| REQUIREMENT |
In the material below, list every line carrying the string "Tail".

| EXCERPTED RECORDS |
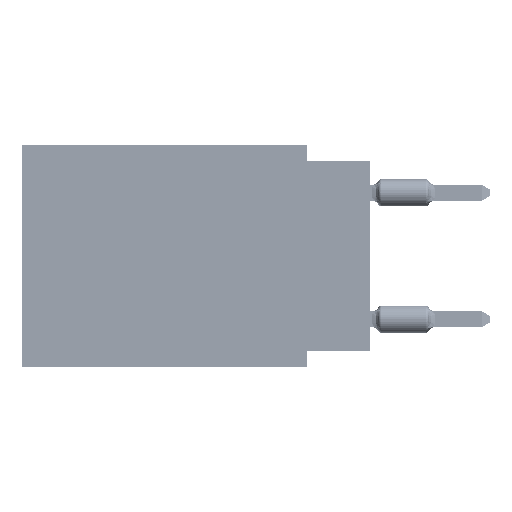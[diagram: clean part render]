
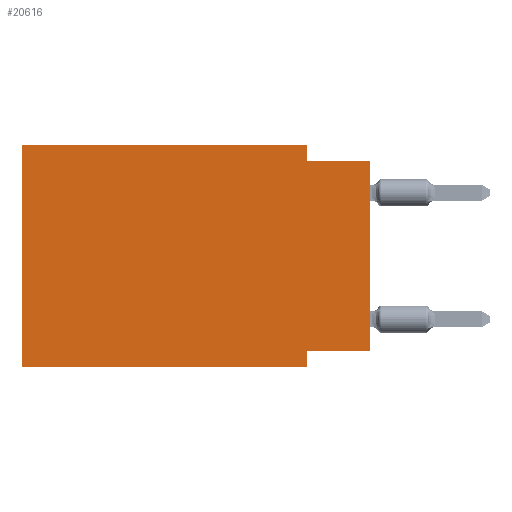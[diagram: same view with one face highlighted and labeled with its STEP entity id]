
A CAD part, left-side view. The second image highlights one B-rep face of the part: STEP entity #20616.
In plain terms, the highlighted planar face has unit normal (-1, 0, 0).
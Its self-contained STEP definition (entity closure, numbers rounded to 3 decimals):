
#1275 = CARTESIAN_POINT ( 'NONE',  ( 0., 0., -0.635 ) ) ;
#4202 = VERTEX_POINT ( 'NONE', #71446 ) ;
#4646 = VERTEX_POINT ( 'NONE', #7045 ) ;
#5726 = VECTOR ( 'NONE', #18749, 1000. ) ;
#6222 = VECTOR ( 'NONE', #74163, 1000. ) ;
#7045 = CARTESIAN_POINT ( 'NONE',  ( 0., 2.54, 0. ) ) ;
#8240 = VECTOR ( 'NONE', #69758, 1000. ) ;
#10667 = VERTEX_POINT ( 'NONE', #20260 ) ;
#11580 = DIRECTION ( 'NONE',  ( 0., -1., 0. ) ) ;
#11792 = DIRECTION ( 'NONE',  ( 0., 0., 1. ) ) ;
#11999 = DIRECTION ( 'NONE',  ( 1., 0., 0. ) ) ;
#13530 = EDGE_CURVE ( 'NONE', #74995, #23680, #28103, .T. ) ;
#15026 = EDGE_CURVE ( 'NONE', #46162, #4646, #29074, .T. ) ;
#15062 = CARTESIAN_POINT ( 'NONE',  ( 0., 2.54, 0. ) ) ;
#16470 = LINE ( 'NONE', #28777, #54287 ) ;
#17975 = PLANE ( 'NONE',  #25900 ) ;
#18358 = DIRECTION ( 'NONE',  ( 0., 0., -1. ) ) ;
#18749 = DIRECTION ( 'NONE',  ( 0., -1., 0. ) ) ;
#20260 = CARTESIAN_POINT ( 'NONE',  ( 0., 0., -8.255 ) ) ;
#20577 = CARTESIAN_POINT ( 'NONE',  ( 0., 2.54, -8.89 ) ) ;
#20616 = ADVANCED_FACE ( 'NONE', ( #36217 ), #17975, .F. ) ;
#21053 = VECTOR ( 'NONE', #11580, 1000. ) ;
#22942 = VERTEX_POINT ( 'NONE', #72659 ) ;
#23680 = VERTEX_POINT ( 'NONE', #60593 ) ;
#25837 = EDGE_CURVE ( 'NONE', #53629, #22942, #38185, .T. ) ;
#25900 = AXIS2_PLACEMENT_3D ( 'NONE', #48924, #11999, #18358 ) ;
#26890 = VECTOR ( 'NONE', #75342, 1000. ) ;
#28103 = LINE ( 'NONE', #20577, #8240 ) ;
#28777 = CARTESIAN_POINT ( 'NONE',  ( 0., 13.97, 0. ) ) ;
#29074 = LINE ( 'NONE', #60383, #21053 ) ;
#29661 = CARTESIAN_POINT ( 'NONE',  ( 0., 0., 0. ) ) ;
#29970 = VECTOR ( 'NONE', #11792, 1000. ) ;
#30066 = LINE ( 'NONE', #29661, #29970 ) ;
#32765 = ORIENTED_EDGE ( 'NONE', *, *, #13530, .F. ) ;
#32928 = CARTESIAN_POINT ( 'NONE',  ( 0., 0., -8.255 ) ) ;
#32976 = ORIENTED_EDGE ( 'NONE', *, *, #15026, .F. ) ;
#33715 = DIRECTION ( 'NONE',  ( 0., -1., 0. ) ) ;
#33951 = DIRECTION ( 'NONE',  ( 0., 0., 1. ) ) ;
#36217 = FACE_OUTER_BOUND ( 'NONE', #64564, .T. ) ;
#37153 = EDGE_CURVE ( 'NONE', #4646, #53629, #56730, .T. ) ;
#38185 = LINE ( 'NONE', #1275, #5726 ) ;
#40593 = CARTESIAN_POINT ( 'NONE',  ( 0., 13.97, 0. ) ) ;
#43190 = ORIENTED_EDGE ( 'NONE', *, *, #65930, .T. ) ;
#44840 = LINE ( 'NONE', #32928, #26890 ) ;
#45267 = ORIENTED_EDGE ( 'NONE', *, *, #69288, .F. ) ;
#46117 = CARTESIAN_POINT ( 'NONE',  ( 0., 2.54, -0.635 ) ) ;
#46162 = VERTEX_POINT ( 'NONE', #40593 ) ;
#48924 = CARTESIAN_POINT ( 'NONE',  ( 0., 13.97, 0. ) ) ;
#53629 = VERTEX_POINT ( 'NONE', #46117 ) ;
#54287 = VECTOR ( 'NONE', #33951, 1000. ) ;
#56730 = LINE ( 'NONE', #15062, #6222 ) ;
#56939 = EDGE_CURVE ( 'NONE', #10667, #22942, #30066, .T. ) ;
#60383 = CARTESIAN_POINT ( 'NONE',  ( 0., 13.97, 0. ) ) ;
#60593 = CARTESIAN_POINT ( 'NONE',  ( 0., 2.54, -8.89 ) ) ;
#63005 = ORIENTED_EDGE ( 'NONE', *, *, #25837, .F. ) ;
#63855 = LINE ( 'NONE', #69027, #67474 ) ;
#64564 = EDGE_LOOP ( 'NONE', ( #72002, #63005, #75593, #32976, #65567, #43190, #32765, #45267 ) ) ;
#65066 = CARTESIAN_POINT ( 'NONE',  ( 0., 2.54, -8.255 ) ) ;
#65567 = ORIENTED_EDGE ( 'NONE', *, *, #78158, .F. ) ;
#65930 = EDGE_CURVE ( 'NONE', #4202, #23680, #63855, .T. ) ;
#67474 = VECTOR ( 'NONE', #33715, 1000. ) ;
#69027 = CARTESIAN_POINT ( 'NONE',  ( 0., 13.97, -8.89 ) ) ;
#69288 = EDGE_CURVE ( 'NONE', #10667, #74995, #44840, .T. ) ;
#69758 = DIRECTION ( 'NONE',  ( 0., 0., -1. ) ) ;
#71446 = CARTESIAN_POINT ( 'NONE',  ( 0., 13.97, -8.89 ) ) ;
#72002 = ORIENTED_EDGE ( 'NONE', *, *, #56939, .T. ) ;
#72659 = CARTESIAN_POINT ( 'NONE',  ( 0., 0., -0.635 ) ) ;
#74163 = DIRECTION ( 'NONE',  ( 0., 0., -1. ) ) ;
#74995 = VERTEX_POINT ( 'NONE', #65066 ) ;
#75342 = DIRECTION ( 'NONE',  ( 0., 1., 0. ) ) ;
#75593 = ORIENTED_EDGE ( 'NONE', *, *, #37153, .F. ) ;
#78158 = EDGE_CURVE ( 'NONE', #4202, #46162, #16470, .T. ) ;
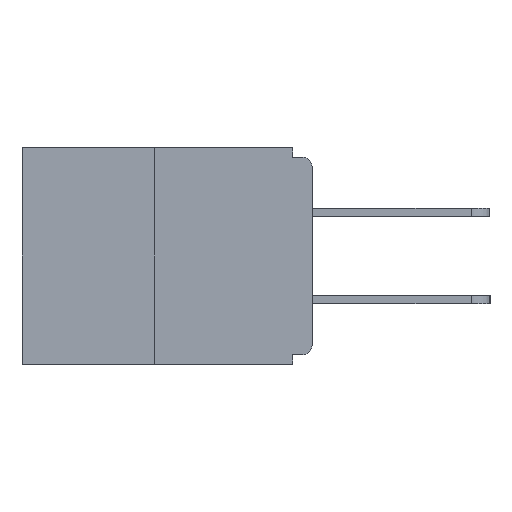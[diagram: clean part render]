
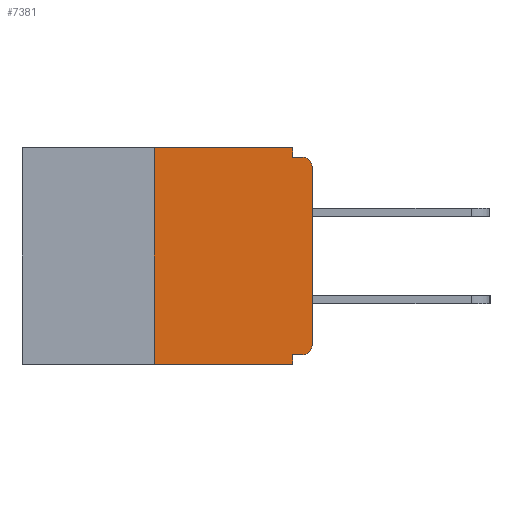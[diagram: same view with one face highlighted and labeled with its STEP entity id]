
A CAD part, left-side view. The second image highlights one B-rep face of the part: STEP entity #7381.
In plain terms, the highlighted planar face has unit normal (-1, 0, 0).
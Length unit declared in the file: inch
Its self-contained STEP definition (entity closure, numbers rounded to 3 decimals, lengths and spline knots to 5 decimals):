
#37 = CARTESIAN_POINT ( 'NONE',  ( 0., 0.031, 0. ) ) ;
#110 = DIRECTION ( 'NONE',  ( 0., 0., -1. ) ) ;
#235 = EDGE_CURVE ( 'NONE', #2941, #10669, #10552, .T. ) ;
#496 = FACE_OUTER_BOUND ( 'NONE', #2242, .T. ) ;
#692 = AXIS2_PLACEMENT_3D ( 'NONE', #1093, #2635, #12821 ) ;
#941 = VERTEX_POINT ( 'NONE', #9573 ) ;
#1093 = CARTESIAN_POINT ( 'NONE',  ( 0., 0.015, -0.313 ) ) ;
#2138 = PLANE ( 'NONE',  #3633 ) ;
#2235 = CIRCLE ( 'NONE', #692, 0.015 ) ;
#2242 = EDGE_LOOP ( 'NONE', ( #3541, #8170, #14328, #10872, #5756, #13051, #15952, #5689, #8418, #3639 ) ) ;
#2446 = CARTESIAN_POINT ( 'NONE',  ( 0., 0., -0.015 ) ) ;
#2504 = CARTESIAN_POINT ( 'NONE',  ( 0., 0.031, -0.328 ) ) ;
#2635 = DIRECTION ( 'NONE',  ( -1., 0., 0. ) ) ;
#2941 = VERTEX_POINT ( 'NONE', #4858 ) ;
#2945 = EDGE_CURVE ( 'NONE', #18737, #5092, #6123, .T. ) ;
#2977 = VECTOR ( 'NONE', #9530, 39.37008 ) ;
#3066 = CARTESIAN_POINT ( 'NONE',  ( 0., 0.46, -0.343 ) ) ;
#3144 = DIRECTION ( 'NONE',  ( 0., 1., 0. ) ) ;
#3488 = CARTESIAN_POINT ( 'NONE',  ( 0., 0.46, 0. ) ) ;
#3541 = ORIENTED_EDGE ( 'NONE', *, *, #2945, .F. ) ;
#3633 = AXIS2_PLACEMENT_3D ( 'NONE', #3488, #13836, #10979 ) ;
#3639 = ORIENTED_EDGE ( 'NONE', *, *, #15796, .F. ) ;
#3777 = DIRECTION ( 'NONE',  ( 0., -1., 0. ) ) ;
#4034 = LINE ( 'NONE', #11428, #2977 ) ;
#4747 = VERTEX_POINT ( 'NONE', #11694 ) ;
#4819 = VERTEX_POINT ( 'NONE', #13674 ) ;
#4858 = CARTESIAN_POINT ( 'NONE',  ( 0., 0., -0.03 ) ) ;
#5092 = VERTEX_POINT ( 'NONE', #37 ) ;
#5125 = LINE ( 'NONE', #2446, #8021 ) ;
#5606 = CARTESIAN_POINT ( 'NONE',  ( 0., 0.031, 0. ) ) ;
#5689 = ORIENTED_EDGE ( 'NONE', *, *, #235, .T. ) ;
#5756 = ORIENTED_EDGE ( 'NONE', *, *, #9079, .F. ) ;
#5774 = DIRECTION ( 'NONE',  ( 0., 0., -1. ) ) ;
#6123 = LINE ( 'NONE', #17839, #7206 ) ;
#6220 = CARTESIAN_POINT ( 'NONE',  ( 0., 0.015, -0.015 ) ) ;
#6922 = CARTESIAN_POINT ( 'NONE',  ( 0., 0., 0. ) ) ;
#7005 = VECTOR ( 'NONE', #17092, 39.37008 ) ;
#7206 = VECTOR ( 'NONE', #7469, 39.37008 ) ;
#7294 = VERTEX_POINT ( 'NONE', #15713 ) ;
#7326 = VECTOR ( 'NONE', #10035, 39.37008 ) ;
#7381 = ADVANCED_FACE ( 'NONE', ( #496 ), #2138, .F. ) ;
#7469 = DIRECTION ( 'NONE',  ( 0., -1., 0. ) ) ;
#8021 = VECTOR ( 'NONE', #3777, 39.37008 ) ;
#8170 = ORIENTED_EDGE ( 'NONE', *, *, #8225, .F. ) ;
#8190 = VERTEX_POINT ( 'NONE', #2504 ) ;
#8225 = EDGE_CURVE ( 'NONE', #7294, #18737, #4034, .T. ) ;
#8418 = ORIENTED_EDGE ( 'NONE', *, *, #12732, .F. ) ;
#8818 = VECTOR ( 'NONE', #3144, 39.37008 ) ;
#9079 = EDGE_CURVE ( 'NONE', #12754, #8190, #9388, .T. ) ;
#9151 = VECTOR ( 'NONE', #17485, 39.37008 ) ;
#9388 = LINE ( 'NONE', #16304, #8818 ) ;
#9530 = DIRECTION ( 'NONE',  ( 0., 0., 1. ) ) ;
#9573 = CARTESIAN_POINT ( 'NONE',  ( 0., 0.031, -0.343 ) ) ;
#9655 = CARTESIAN_POINT ( 'NONE',  ( 0., 0.25, 0. ) ) ;
#10035 = DIRECTION ( 'NONE',  ( 0., 0., -1. ) ) ;
#10083 = EDGE_CURVE ( 'NONE', #7294, #941, #12951, .T. ) ;
#10552 = CIRCLE ( 'NONE', #18525, 0.015 ) ;
#10669 = VERTEX_POINT ( 'NONE', #6220 ) ;
#10872 = ORIENTED_EDGE ( 'NONE', *, *, #14671, .F. ) ;
#10979 = DIRECTION ( 'NONE',  ( 0., 0., -1. ) ) ;
#11135 = LINE ( 'NONE', #6922, #7005 ) ;
#11428 = CARTESIAN_POINT ( 'NONE',  ( 0., 0.25, 0. ) ) ;
#11694 = CARTESIAN_POINT ( 'NONE',  ( 0., 0.031, -0.015 ) ) ;
#11778 = EDGE_CURVE ( 'NONE', #4819, #2941, #11135, .T. ) ;
#11818 = CARTESIAN_POINT ( 'NONE',  ( 0., 0.015, -0.03 ) ) ;
#12242 = CARTESIAN_POINT ( 'NONE',  ( 0., 0.015, -0.328 ) ) ;
#12732 = EDGE_CURVE ( 'NONE', #4747, #10669, #5125, .T. ) ;
#12754 = VERTEX_POINT ( 'NONE', #12242 ) ;
#12821 = DIRECTION ( 'NONE',  ( 0., 0., -1. ) ) ;
#12951 = LINE ( 'NONE', #3066, #9151 ) ;
#13051 = ORIENTED_EDGE ( 'NONE', *, *, #14111, .T. ) ;
#13367 = LINE ( 'NONE', #16445, #17610 ) ;
#13674 = CARTESIAN_POINT ( 'NONE',  ( 0., 0., -0.313 ) ) ;
#13836 = DIRECTION ( 'NONE',  ( 1., 0., 0. ) ) ;
#14111 = EDGE_CURVE ( 'NONE', #12754, #4819, #2235, .T. ) ;
#14328 = ORIENTED_EDGE ( 'NONE', *, *, #10083, .T. ) ;
#14671 = EDGE_CURVE ( 'NONE', #8190, #941, #13367, .T. ) ;
#15713 = CARTESIAN_POINT ( 'NONE',  ( 0., 0.25, -0.343 ) ) ;
#15796 = EDGE_CURVE ( 'NONE', #5092, #4747, #18780, .T. ) ;
#15952 = ORIENTED_EDGE ( 'NONE', *, *, #11778, .T. ) ;
#16304 = CARTESIAN_POINT ( 'NONE',  ( 0., 0., -0.328 ) ) ;
#16445 = CARTESIAN_POINT ( 'NONE',  ( 0., 0.031, -0.343 ) ) ;
#17092 = DIRECTION ( 'NONE',  ( 0., 0., 1. ) ) ;
#17485 = DIRECTION ( 'NONE',  ( 0., -1., 0. ) ) ;
#17610 = VECTOR ( 'NONE', #110, 39.37008 ) ;
#17839 = CARTESIAN_POINT ( 'NONE',  ( 0., 0.46, 0. ) ) ;
#18525 = AXIS2_PLACEMENT_3D ( 'NONE', #11818, #18853, #5774 ) ;
#18737 = VERTEX_POINT ( 'NONE', #9655 ) ;
#18780 = LINE ( 'NONE', #5606, #7326 ) ;
#18853 = DIRECTION ( 'NONE',  ( -1., 0., 0. ) ) ;
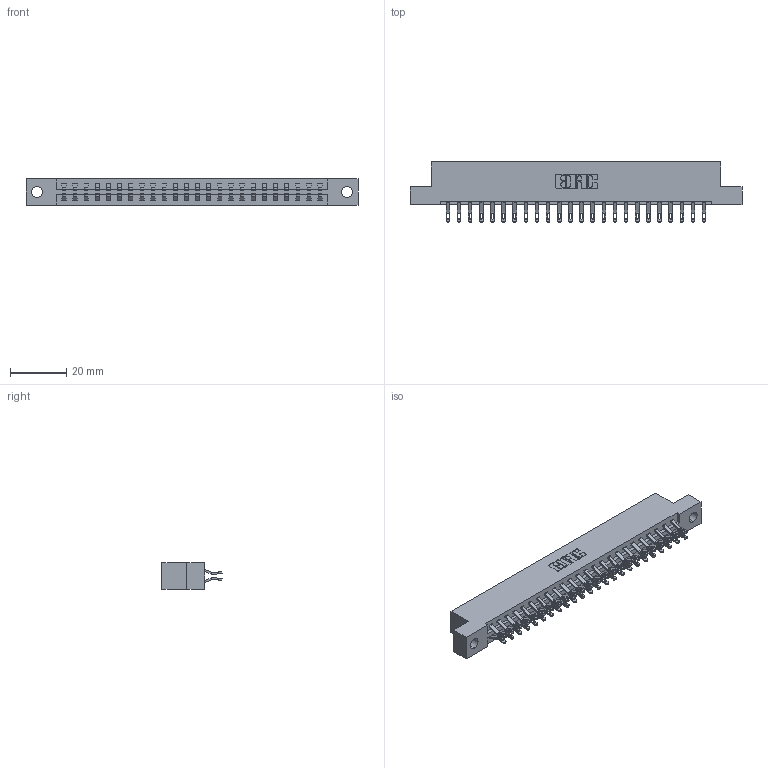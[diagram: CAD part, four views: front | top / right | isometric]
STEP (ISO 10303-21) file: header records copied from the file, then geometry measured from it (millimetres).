
FILE_DESCRIPTION (( 'STEP AP203' ), '1' );
FILE_NAME ('387-048-555-204.STEP', '2019-10-18T10:19:40', ( '' ), ( '' ), 'SwSTEP 2.0', 'SolidWorks 2016', '' );
FILE_SCHEMA (( 'CONFIG_CONTROL_DESIGN' ));
Length unit declared in the file: inch
Products named in the file (3): 345-292-001_555 Tail; 337 Part_Flush Mounting Lugs - 0.156 Dia-TH; 387-048-555-204
Assembly tree (49 placements, depth 2):
  387-048-555-204
    337 Part_Flush Mounting Lugs - 0.156 Dia-TH
    345-292-001_555 Tail  x48
Bounding box: 118.11 x 21.47 x 9.4 mm (x, y, z)
Volume: 12259.1 mm3; surface area: 14006.2 mm2
Topology: 49 solids, 49 shells, 2994 faces, 9383 edges, 6254 vertices
Faces by surface type: plane 1798, cylinder 1196
Entity records: 21265 total; most frequent: CARTESIAN_POINT 3632, ORIENTED_EDGE 3538, DIRECTION 3093, EDGE_CURVE 1769, LINE 1621, VECTOR 1621, VERTEX_POINT 1178, AXIS2_PLACEMENT_3D 736

| REPLY |
Products named in the file (3): 345-292-001_555 Tail; 337 Part_Flush Mounting Lugs - 0.156 Dia-TH; 387-048-555-204
    345-292-001_555 Tail  x48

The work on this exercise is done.